By Richard Cowan
WASHINGTON (Reuters) – The Republican-led U.S. Senate Judiciary Committee on Thursday approved President Donald Trump's nomination of Amy Coney Barrett to a lifetime Supreme Court seat despite a Democratic boycott, clearing the way for a final Senate confirmation vote planned for Monday.
By a 12-0 vote, the panel approved Barrett with all Republican members voting yes and the 10 committee Democrats boycotting the meeting after calling the confirmation process a sham. With Trump's fellow Republicans holding a 53-47 Senate majority, Barrett's confirmation appears certain.
Trump, who asked the Senate to confirm Barrett before the Nov. 3 U.S. election in which he is being challenged by Democrat Joe Biden, applauded the committee vote, writing on Twitter: "Big day for America!"
Barrett, 48, has been a federal appeals court judge since 2017 and previously was a legal scholar the University of Notre Dame in Indiana. Her confirmation would give the top U.S. judicial body a 6-3 conservative majority, including three justices named by Trump.
"The Senate majority is conducting the most rushed, the most partisan and the least legitimate process in the long history of Supreme Court nominations," Senate Democratic leader Chuck Schumer told reporters after the vote.
Judiciary Committee Chairman Lindsey Graham said the Democratic boycott was "their choice."
"It will be my choice to vote the nominee out of committee. We're not going to allow them to take over the committee," Graham said.
The empty seats for the Democratic committee members had posters placed upon them bearing photographs of people who they argue would be hurt if the Affordable Care Act healthcare law, also known as Obamacare, is struck down as Trump has sought in a case to be argued before the justices on Nov. 10.
Barrett, nominated on Sept. 26 to succeed the late liberal Justice Ruth Bader Ginsburg, has criticized previous rulings upholding Obamacare but said during her confirmation hearing she has no agenda to invalidate the measure.
Democrats were incensed that Senate Republicans moved forward with Barrett's confirmation process so near an election after refusing in 2016 to allow the chamber to act on a Supreme Court nomination by Trump's Democratic predecessor, Barack Obama, because it was an election year.
Schumer called the Republican hurry to confirm Barrett "a naked power grab" through a "sham vote," arguing that Republicans broke the committee's own rules by approving the nomination without Democrats present.
No nominee to the Supreme Court has ever been confirmed by the Senate this close to a presidential election. More than 45 million ballots already have been cast. Majority Leader Mitch McConnell has planned a confirmation vote on the Senate floor on Monday.
‘LAW OF AMY'
Calling the committee vote "a groundbreaking historic moment," Graham said of Barrett: "The ‘law of Amy' will not be applied to a case in controversy. It will be the law as written in the Constitution or by statute or whatever regulatory body she's going to review. She will take her job on without agenda."

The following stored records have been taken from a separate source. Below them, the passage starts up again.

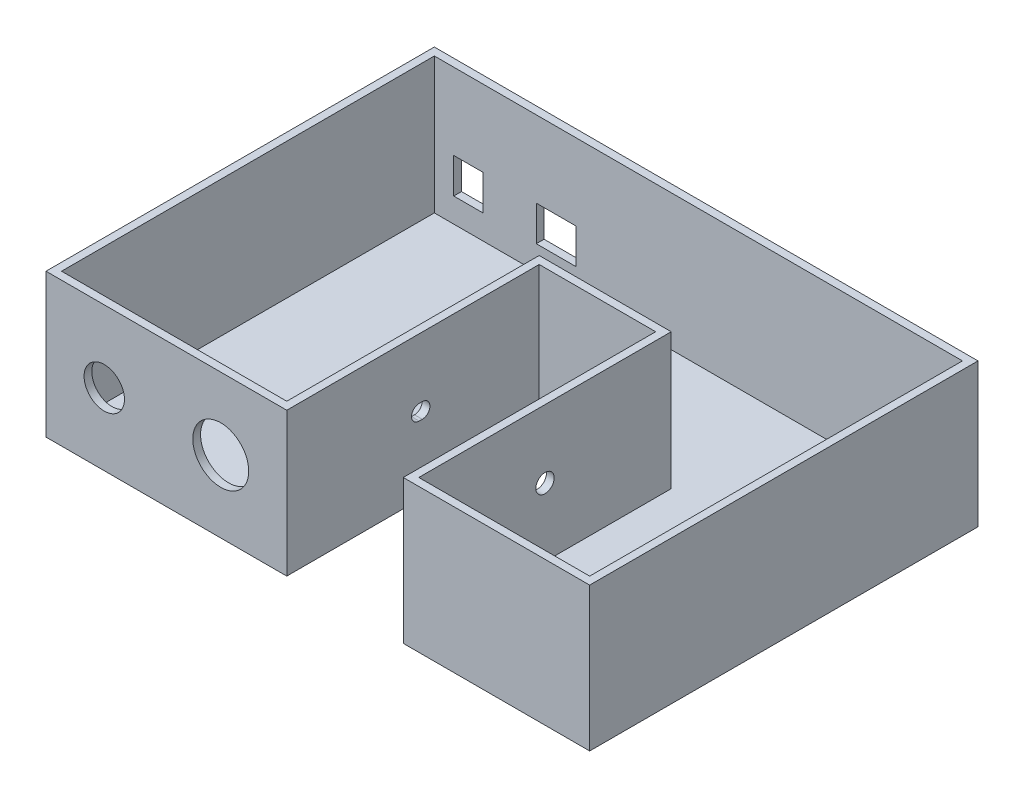
ISO-10303-21;
HEADER;
FILE_DESCRIPTION(('STEP AP214'),'2;1');
FILE_NAME('part.step','',(''),(''),'','','');
FILE_SCHEMA(('AUTOMOTIVE_DESIGN { 1 0 10303 214 1 1 1 1 }'));
ENDSEC;
DATA;
#1=APPLICATION_CONTEXT('core data for automotive mechanical design processes');
#2=APPLICATION_PROTOCOL_DEFINITION('international standard','automotive_design',2000,#1);
#3=PRODUCT_CONTEXT('',#1,'mechanical');
#4=PRODUCT('Part','Part','',(#3));
#5=PRODUCT_RELATED_PRODUCT_CATEGORY('part','',(#4));
#6=PRODUCT_DEFINITION_FORMATION('','',#4);
#7=PRODUCT_DEFINITION_CONTEXT('part definition',#1,'design');
#8=PRODUCT_DEFINITION('design','',#6,#7);
#9=PRODUCT_DEFINITION_SHAPE('','',#8);
#10=(LENGTH_UNIT() NAMED_UNIT(*) SI_UNIT(.MILLI.,.METRE.));
#11=(NAMED_UNIT(*) PLANE_ANGLE_UNIT() SI_UNIT($,.RADIAN.));
#12=(NAMED_UNIT(*) SI_UNIT($,.STERADIAN.) SOLID_ANGLE_UNIT());
#13=UNCERTAINTY_MEASURE_WITH_UNIT(LENGTH_MEASURE(1.E-05),#10,'distance_accuracy_value','');
#14=(GEOMETRIC_REPRESENTATION_CONTEXT(3) GLOBAL_UNCERTAINTY_ASSIGNED_CONTEXT((#13)) GLOBAL_UNIT_ASSIGNED_CONTEXT((#10,
#11,#12)) REPRESENTATION_CONTEXT('',''));
#15=CARTESIAN_POINT('',(0.,0.,0.));
#16=DIRECTION('',(0.,0.,1.));
#17=DIRECTION('',(1.,0.,0.));
#18=AXIS2_PLACEMENT_3D('',#15,#16,#17);
#19=CARTESIAN_POINT('',(0.,2.54,0.));
#20=DIRECTION('',(0.,0.,-1.));
#21=DIRECTION('',(-1.,0.,0.));
#22=AXIS2_PLACEMENT_3D('',#19,#20,#21);
#23=PLANE('',#22);
#24=CARTESIAN_POINT('',(19.05,23.495,0.));
#25=DIRECTION('',(0.,0.,1.));
#26=DIRECTION('',(1.,0.,0.));
#27=AXIS2_PLACEMENT_3D('',#24,#25,#26);
#28=CIRCLE('',#27,6.604);
#29=CARTESIAN_POINT('',(25.654,23.495,0.));
#30=VERTEX_POINT('',#29);
#31=EDGE_CURVE('E582',#30,#30,#28,.T.);
#32=ORIENTED_EDGE('',*,*,#31,.F.);
#33=EDGE_LOOP('',(#32));
#34=FACE_BOUND('',#33,.T.);
#35=CARTESIAN_POINT('',(57.15,23.495,0.));
#36=DIRECTION('',(0.,0.,1.));
#37=DIRECTION('',(1.,0.,0.));
#38=AXIS2_PLACEMENT_3D('',#35,#36,#37);
#39=CIRCLE('',#38,9.14400000000001);
#40=CARTESIAN_POINT('',(66.294,23.495,0.));
#41=VERTEX_POINT('',#40);
#42=EDGE_CURVE('E584',#41,#41,#39,.T.);
#43=ORIENTED_EDGE('',*,*,#42,.F.);
#44=EDGE_LOOP('',(#43));
#45=FACE_BOUND('',#44,.T.);
#46=DIRECTION('',(1.,0.,0.));
#47=VECTOR('',#46,1.);
#48=CARTESIAN_POINT('',(0.,0.,0.));
#49=LINE('',#48,#47);
#50=CARTESIAN_POINT('',(0.,0.,0.));
#51=VERTEX_POINT('',#50);
#52=CARTESIAN_POINT('',(78.74,0.,0.));
#53=VERTEX_POINT('',#52);
#54=EDGE_CURVE('E393',#51,#53,#49,.T.);
#55=ORIENTED_EDGE('',*,*,#54,.T.);
#56=DIRECTION('',(0.,-1.,0.));
#57=VECTOR('',#56,1.);
#58=CARTESIAN_POINT('',(78.74,2.54,0.));
#59=LINE('',#58,#57);
#60=CARTESIAN_POINT('',(78.74,46.99,0.));
#61=VERTEX_POINT('',#60);
#62=EDGE_CURVE('E11',#61,#53,#59,.T.);
#63=ORIENTED_EDGE('',*,*,#62,.F.);
#64=DIRECTION('',(1.,0.,0.));
#65=VECTOR('',#64,1.);
#66=CARTESIAN_POINT('',(0.,46.99,0.));
#67=LINE('',#66,#65);
#68=CARTESIAN_POINT('',(0.,46.99,0.));
#69=VERTEX_POINT('',#68);
#70=EDGE_CURVE('E375',#69,#61,#67,.T.);
#71=ORIENTED_EDGE('',*,*,#70,.F.);
#72=DIRECTION('',(0.,-1.,0.));
#73=VECTOR('',#72,1.);
#74=CARTESIAN_POINT('',(0.,2.54,0.));
#75=LINE('',#74,#73);
#76=EDGE_CURVE('E414',#69,#51,#75,.T.);
#77=ORIENTED_EDGE('',*,*,#76,.T.);
#78=EDGE_LOOP('',(#55,#63,#71,#77));
#79=FACE_BOUND('',#78,.T.);
#80=ADVANCED_FACE('F35',(#34,#45,#79),#23,.F.);
#81=CARTESIAN_POINT('',(78.74,2.54,0.));
#82=DIRECTION('',(-1.,0.,0.));
#83=DIRECTION('',(0.,0.,1.));
#84=AXIS2_PLACEMENT_3D('',#81,#82,#83);
#85=PLANE('',#84);
#86=DIRECTION('',(0.,0.,1.));
#87=VECTOR('',#86,1.);
#88=CARTESIAN_POINT('',(78.74,27.265,-44.315));
#89=LINE('',#88,#87);
#90=CARTESIAN_POINT('',(78.74,27.265,-44.315));
#91=VERTEX_POINT('',#90);
#92=CARTESIAN_POINT('',(78.74,27.265,-43.315));
#93=VERTEX_POINT('',#92);
#94=EDGE_CURVE('E223',#91,#93,#89,.T.);
#95=ORIENTED_EDGE('',*,*,#94,.F.);
#96=CARTESIAN_POINT('',(78.74,24.765,-44.315));
#97=DIRECTION('',(-1.,0.,0.));
#98=DIRECTION('',(0.,0.,1.));
#99=AXIS2_PLACEMENT_3D('',#96,#97,#98);
#100=CIRCLE('',#99,2.5);
#101=CARTESIAN_POINT('',(78.74,22.265,-44.315));
#102=VERTEX_POINT('',#101);
#103=EDGE_CURVE('E230',#102,#91,#100,.F.);
#104=ORIENTED_EDGE('',*,*,#103,.F.);
#105=DIRECTION('',(0.,0.,-1.));
#106=VECTOR('',#105,1.);
#107=CARTESIAN_POINT('',(78.74,22.265,-44.315));
#108=LINE('',#107,#106);
#109=CARTESIAN_POINT('',(78.74,22.265,-43.315));
#110=VERTEX_POINT('',#109);
#111=EDGE_CURVE('E235',#110,#102,#108,.T.);
#112=ORIENTED_EDGE('',*,*,#111,.F.);
#113=CARTESIAN_POINT('',(78.74,24.765,-43.315));
#114=DIRECTION('',(-1.,0.,0.));
#115=DIRECTION('',(0.,0.,1.));
#116=AXIS2_PLACEMENT_3D('',#113,#114,#115);
#117=CIRCLE('',#116,2.5);
#118=EDGE_CURVE('E49',#93,#110,#117,.F.);
#119=ORIENTED_EDGE('',*,*,#118,.F.);
#120=EDGE_LOOP('',(#95,#104,#112,#119));
#121=FACE_BOUND('',#120,.T.);
#122=DIRECTION('',(0.,0.,-1.));
#123=VECTOR('',#122,1.);
#124=CARTESIAN_POINT('',(78.74,0.,0.));
#125=LINE('',#124,#123);
#126=CARTESIAN_POINT('',(78.74,0.,-82.55));
#127=VERTEX_POINT('',#126);
#128=EDGE_CURVE('E396',#53,#127,#125,.T.);
#129=ORIENTED_EDGE('',*,*,#128,.T.);
#130=DIRECTION('',(0.,-1.,0.));
#131=VECTOR('',#130,1.);
#132=CARTESIAN_POINT('',(78.74,2.54,-82.55));
#133=LINE('',#132,#131);
#134=CARTESIAN_POINT('',(78.74,46.99,-82.55));
#135=VERTEX_POINT('',#134);
#136=EDGE_CURVE('E42',#135,#127,#133,.T.);
#137=ORIENTED_EDGE('',*,*,#136,.F.);
#138=DIRECTION('',(0.,0.,-1.));
#139=VECTOR('',#138,1.);
#140=CARTESIAN_POINT('',(78.74,46.99,0.));
#141=LINE('',#140,#139);
#142=EDGE_CURVE('E378',#61,#135,#141,.T.);
#143=ORIENTED_EDGE('',*,*,#142,.F.);
#144=ORIENTED_EDGE('',*,*,#62,.T.);
#145=EDGE_LOOP('',(#129,#137,#143,#144));
#146=FACE_BOUND('',#145,.T.);
#147=ADVANCED_FACE('F237',(#121,#146),#85,.F.);
#148=CARTESIAN_POINT('',(0.,2.54,-82.55));
#149=DIRECTION('',(0.,0.,-1.));
#150=DIRECTION('',(-1.,0.,0.));
#151=AXIS2_PLACEMENT_3D('',#148,#149,#150);
#152=PLANE('',#151);
#153=DIRECTION('',(1.,0.,0.));
#154=VECTOR('',#153,1.);
#155=CARTESIAN_POINT('',(0.,0.,-82.55));
#156=LINE('',#155,#154);
#157=CARTESIAN_POINT('',(116.84,0.,-82.55));
#158=VERTEX_POINT('',#157);
#159=EDGE_CURVE('E398',#127,#158,#156,.T.);
#160=ORIENTED_EDGE('',*,*,#159,.T.);
#161=DIRECTION('',(0.,-1.,0.));
#162=VECTOR('',#161,1.);
#163=CARTESIAN_POINT('',(116.84,2.54,-82.55));
#164=LINE('',#163,#162);
#165=CARTESIAN_POINT('',(116.84,46.99,-82.55));
#166=VERTEX_POINT('',#165);
#167=EDGE_CURVE('E425',#166,#158,#164,.T.);
#168=ORIENTED_EDGE('',*,*,#167,.F.);
#169=DIRECTION('',(1.,0.,0.));
#170=VECTOR('',#169,1.);
#171=CARTESIAN_POINT('',(78.74,46.99,-82.55));
#172=LINE('',#171,#170);
#173=EDGE_CURVE('E381',#135,#166,#172,.T.);
#174=ORIENTED_EDGE('',*,*,#173,.F.);
#175=ORIENTED_EDGE('',*,*,#136,.T.);
#176=EDGE_LOOP('',(#160,#168,#174,#175));
#177=FACE_BOUND('',#176,.T.);
#178=ADVANCED_FACE('F431',(#177),#152,.F.);
#179=CARTESIAN_POINT('',(116.84,2.54,0.));
#180=DIRECTION('',(1.,0.,0.));
#181=DIRECTION('',(0.,0.,-1.));
#182=AXIS2_PLACEMENT_3D('',#179,#180,#181);
#183=PLANE('',#182);
#184=CARTESIAN_POINT('',(116.84,24.765,-43.815));
#185=DIRECTION('',(1.,0.,0.));
#186=DIRECTION('',(0.,0.,-1.));
#187=AXIS2_PLACEMENT_3D('',#184,#185,#186);
#188=CIRCLE('',#187,3.);
#189=CARTESIAN_POINT('',(116.84,24.765,-46.8150000000001));
#190=VERTEX_POINT('',#189);
#191=EDGE_CURVE('E244',#190,#190,#188,.F.);
#192=ORIENTED_EDGE('',*,*,#191,.F.);
#193=EDGE_LOOP('',(#192));
#194=FACE_BOUND('',#193,.T.);
#195=DIRECTION('',(0.,0.,1.));
#196=VECTOR('',#195,1.);
#197=CARTESIAN_POINT('',(116.84,0.,0.));
#198=LINE('',#197,#196);
#199=CARTESIAN_POINT('',(116.84,0.,0.));
#200=VERTEX_POINT('',#199);
#201=EDGE_CURVE('E400',#158,#200,#198,.T.);
#202=ORIENTED_EDGE('',*,*,#201,.T.);
#203=DIRECTION('',(0.,-1.,0.));
#204=VECTOR('',#203,1.);
#205=CARTESIAN_POINT('',(116.84,2.54,0.));
#206=LINE('',#205,#204);
#207=CARTESIAN_POINT('',(116.84,46.99,0.));
#208=VERTEX_POINT('',#207);
#209=EDGE_CURVE('E422',#208,#200,#206,.T.);
#210=ORIENTED_EDGE('',*,*,#209,.F.);
#211=DIRECTION('',(0.,0.,1.));
#212=VECTOR('',#211,1.);
#213=CARTESIAN_POINT('',(116.84,46.99,-82.55));
#214=LINE('',#213,#212);
#215=EDGE_CURVE('E384',#166,#208,#214,.T.);
#216=ORIENTED_EDGE('',*,*,#215,.F.);
#217=ORIENTED_EDGE('',*,*,#167,.T.);
#218=EDGE_LOOP('',(#202,#210,#216,#217));
#219=FACE_BOUND('',#218,.T.);
#220=ADVANCED_FACE('F439',(#194,#219),#183,.F.);
#221=CARTESIAN_POINT('',(0.,2.54,0.));
#222=DIRECTION('',(0.,0.,-1.));
#223=DIRECTION('',(-1.,0.,0.));
#224=AXIS2_PLACEMENT_3D('',#221,#222,#223);
#225=PLANE('',#224);
#226=DIRECTION('',(1.,0.,0.));
#227=VECTOR('',#226,1.);
#228=CARTESIAN_POINT('',(0.,0.,0.));
#229=LINE('',#228,#227);
#230=CARTESIAN_POINT('',(177.8,0.,0.));
#231=VERTEX_POINT('',#230);
#232=EDGE_CURVE('E402',#200,#231,#229,.T.);
#233=ORIENTED_EDGE('',*,*,#232,.T.);
#234=DIRECTION('',(0.,-1.,0.));
#235=VECTOR('',#234,1.);
#236=CARTESIAN_POINT('',(177.8,2.54,0.));
#237=LINE('',#236,#235);
#238=CARTESIAN_POINT('',(177.8,46.99,0.));
#239=VERTEX_POINT('',#238);
#240=EDGE_CURVE('E420',#239,#231,#237,.T.);
#241=ORIENTED_EDGE('',*,*,#240,.F.);
#242=DIRECTION('',(1.,0.,0.));
#243=VECTOR('',#242,1.);
#244=CARTESIAN_POINT('',(116.84,46.99,0.));
#245=LINE('',#244,#243);
#246=EDGE_CURVE('E387',#208,#239,#245,.T.);
#247=ORIENTED_EDGE('',*,*,#246,.F.);
#248=ORIENTED_EDGE('',*,*,#209,.T.);
#249=EDGE_LOOP('',(#233,#241,#247,#248));
#250=FACE_BOUND('',#249,.T.);
#251=ADVANCED_FACE('F443',(#250),#225,.F.);
#252=CARTESIAN_POINT('',(177.8,2.54,0.));
#253=DIRECTION('',(1.,0.,0.));
#254=DIRECTION('',(0.,0.,-1.));
#255=AXIS2_PLACEMENT_3D('',#252,#253,#254);
#256=PLANE('',#255);
#257=DIRECTION('',(0.,0.,1.));
#258=VECTOR('',#257,1.);
#259=CARTESIAN_POINT('',(177.8,0.,0.));
#260=LINE('',#259,#258);
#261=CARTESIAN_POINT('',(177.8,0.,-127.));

A favorite of Christian conservatives, Barrett frustrated Committee Democrats during her confirmation hearing last week by sidestepping questions on abortion, presidential powers, climate change, voting rights, Obamacare and other issues.
Trump has said he believes the Supreme Court will decide the election's outcome and has made clear he wants Barrett on the bench for any election-related cases.
Republicans are hoping Barrett's confirmation can give a boost to incumbent senators in the party facing tough re-election fights, including Graham in South Carolina and Judiciary Committee members Joni Ernst in Iowa and Thom Tillis in North Carolina.
Some on the left have floated the idea of expanding the number of justices – fixed by federal law at nine – if Biden wins to counter the court's rightward drift in light of the actions of Senate Republicans in 2016 and now. Republicans have decried the idea as "court-packing."
Biden told the CBS program "60 Minutes" that if elected he would create a bipartisan commission of constitutional scholars to examine reforms for the "out of whack" federal judiciary, saying there could be various alternatives to consider besides expanding the Supreme Court.
Graham said expanding the number of justices after presidential elections would mark "the end of the independence of the court."